T and U in Figure 30). Grain yield in kg/ha (columns U in Figure 29 and X in Figure 30) is obtained by dividing column R by plot size (column S) and multiplying by 10 in Stage 1 trials and by dividing the mean of the two samples by the plot size and multiplying by 10 in Stage 3 trials.

Columns V to AE (Figure 29) and Y to AH (Figure 30) contain the scores (from 0 = bad, to 4 = very good) given by individual farmers (in this case 10, but the number is obviously variable from village to village), and their average (FS) is in columns AF and AI, respectively. Eventually 1000-kernel weight in grams (TKW) is in column AG in Figure 29 while, since we have two samples for grain yield in the Stage  3 trial (Figure  30), 1000  kernel weight is measured independently in the two samples (columns AJ and AK) and their mean is in column AL.

FIGURE 31

An example of a “fldbook” sheet in a data file of a Stage 4 trial with 9 entries and 2 replications with one replication planted with one farmer and the second with another farmer.

In rows 204 and 205 of Figure 29 and in rows 78 and 79 of Figure 30 are the minimum and maximum for the values in each of the relevant columns. As mentioned earlier this is a powerful and easy way to detect a number of mistakes.

An example of the “fldbook” sheet in a data file of a Stage 4 trial with replications planted with different farmers is shown in Figure 31. The structure of the file is considerably simpler than those considered so far. The sheet “fldbook” has one column with the code for the village , one for the plot number, one for the entry number, one for the unique identification number (= plot number in the seed increase), and one for the farmer (which in this case is equivalent to the replication code).

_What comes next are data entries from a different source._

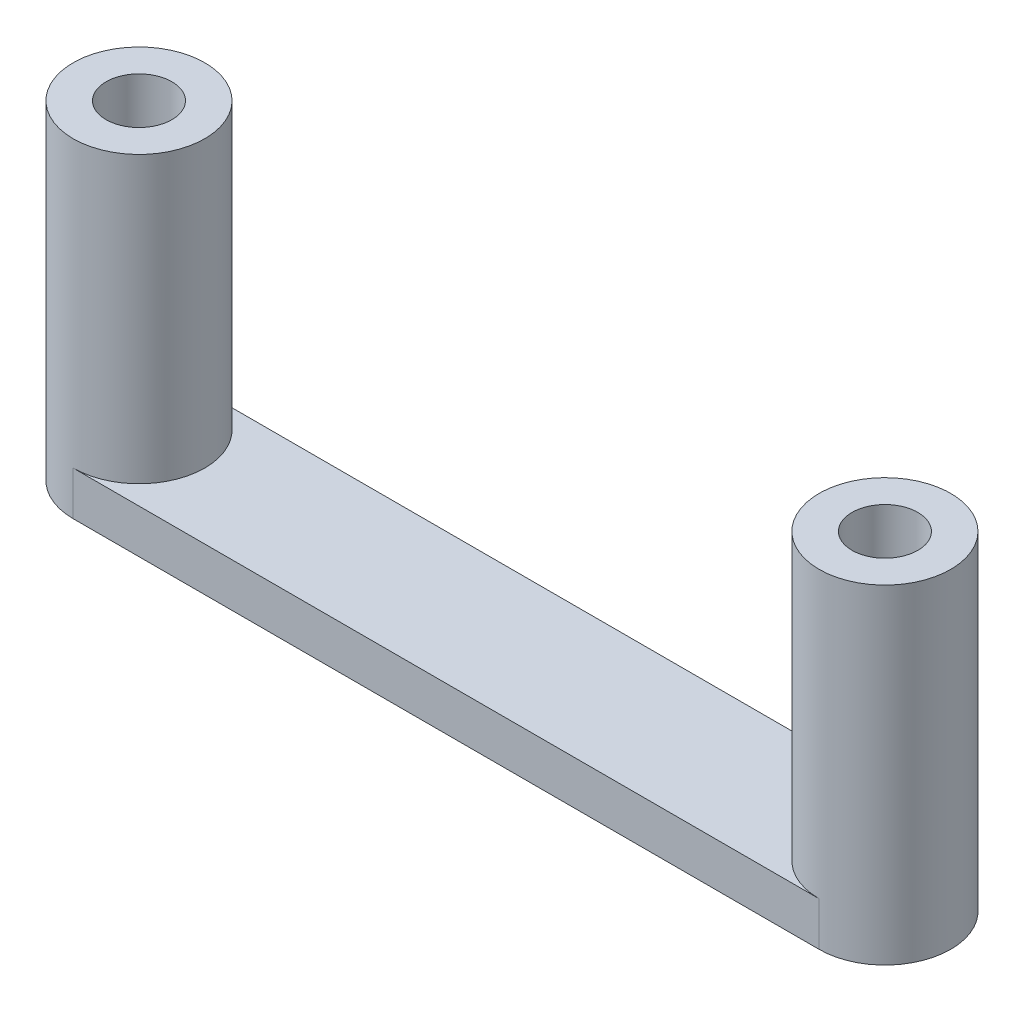
from build123d import *
from build123d.topology import SkipClean

# Parameters (mm, degrees)
EXTRUDE_1_DEPTH     = 2
EXTRUDE_2_DEPTH     = 13
SKETCH_4_R          = 1.5
CUT_EXTRUDE_1_DEPTH = 27.046428912
SKETCH_5_R          = 1.5
CUT_EXTRUDE_2_DEPTH = 27.046428912


with BuildPart() as part:
    # 草图1 → 凸台-拉伸1 (new body)
    with BuildSketch(Plane(origin=(0, 0, 0), x_dir=(1, 0, 0), z_dir=(0, 1, 0))):
        with BuildLine():
            Line((-15.918812675, 3), (18.081187325, 3))
            ThreePointArc((18.081187325, 3), (21.081187325, 0), (18.081187325, -3))
            Line((18.081187325, -3), (-15.918812675, -3))
            ThreePointArc((-15.918812675, -3), (-18.918812675, 0), (-15.918812675, 3))
        make_face()
    extrude(amount=EXTRUDE_1_DEPTH)

    # 草图2 → 凸台-拉伸2 (add)
    with SkipClean():  # the faces are left unmerged after this step: merging them gives an invalid solid
        with BuildSketch(Plane(origin=(0, 2, 0), x_dir=(1, 0, 0), z_dir=(0, 1, 0))):
            with BuildLine():
                ThreePointArc((-15.918812675, 3), (-18.918812675, 0), (-15.918812675, -3))
                ThreePointArc((-15.918812675, -3), (-13.797492331, -2.121320344), (-12.918812675, 0))
                ThreePointArc((-12.918812675, 0), (-13.797492331, 2.121320344), (-15.918812675, 3))
            make_face()
            with BuildLine():
                ThreePointArc((18.081187325, 3), (15.081187325, 0), (18.081187325, -3))
                ThreePointArc((18.081187325, -3), (20.202507669, -2.121320344), (21.081187325, 0))
                ThreePointArc((21.081187325, 0), (20.202507669, 2.121320344), (18.081187325, 3))
            make_face()
        extrude(amount=EXTRUDE_2_DEPTH)

    # 草图4 → 切除-拉伸1 (cut, through all)
    with SkipClean():  # the faces are left unmerged after this step: merging them gives an invalid solid
        with BuildSketch(Plane(origin=(0, 15, 0), x_dir=(1, 0, 0), z_dir=(0, 1, 0))):
            with Locations(Location((-15.918812675, 0, 0), (0, 0, 270))):
                Circle(SKETCH_4_R)
        extrude(amount=-CUT_EXTRUDE_1_DEPTH, mode=Mode.SUBTRACT)

    # 草图5 → 切除-拉伸2 (cut, through all)
    with SkipClean():  # the faces are left unmerged after this step: merging them gives an invalid solid
        with BuildSketch(Plane(origin=(0, 15, 0), x_dir=(1, 0, 0), z_dir=(0, 1, 0))):
            with Locations(Location((18.081187325, 0, 0), (0, 0, 270))):
                Circle(SKETCH_5_R)
        extrude(amount=-CUT_EXTRUDE_2_DEPTH, mode=Mode.SUBTRACT)


solid = part.part

These columns will be followed by those with the data, which are similar to those discussed earlier (see Figure 23 and 24) with the difference that, because now the plots are much larger, grain yield and 1000 kernel weight are measured on three samples each (columns N, O and P for grain yield in g/plot and columns AE, AF and AG for 1000-kernel weight in g).

The “fldbook” sheet shown in Figure 31 may also be used in Stage 2 and 3 trials when it is not possible to keep the trial as a physical unit.

Before leaving this topic, it worth mentioning that is very useful (for reasons that will be clear in the section on data analysis) to:

• Use the shortest, but still meaningful, possible abbreviation as a header for each variable.

• Always use the same abbreviation for the same variable.

• Always use the same sequence of variables. The actual sequence is important for plot, row, column and entry but not for the variables. However, once a given sequence for the variables is decided, always using the same sequence saves a lot of work during the subsequent data management analysis and data reporting.

The operations described above apply with only minor differences for a range of statistical analysis using a set of modules running in GenStat and available on request from the author.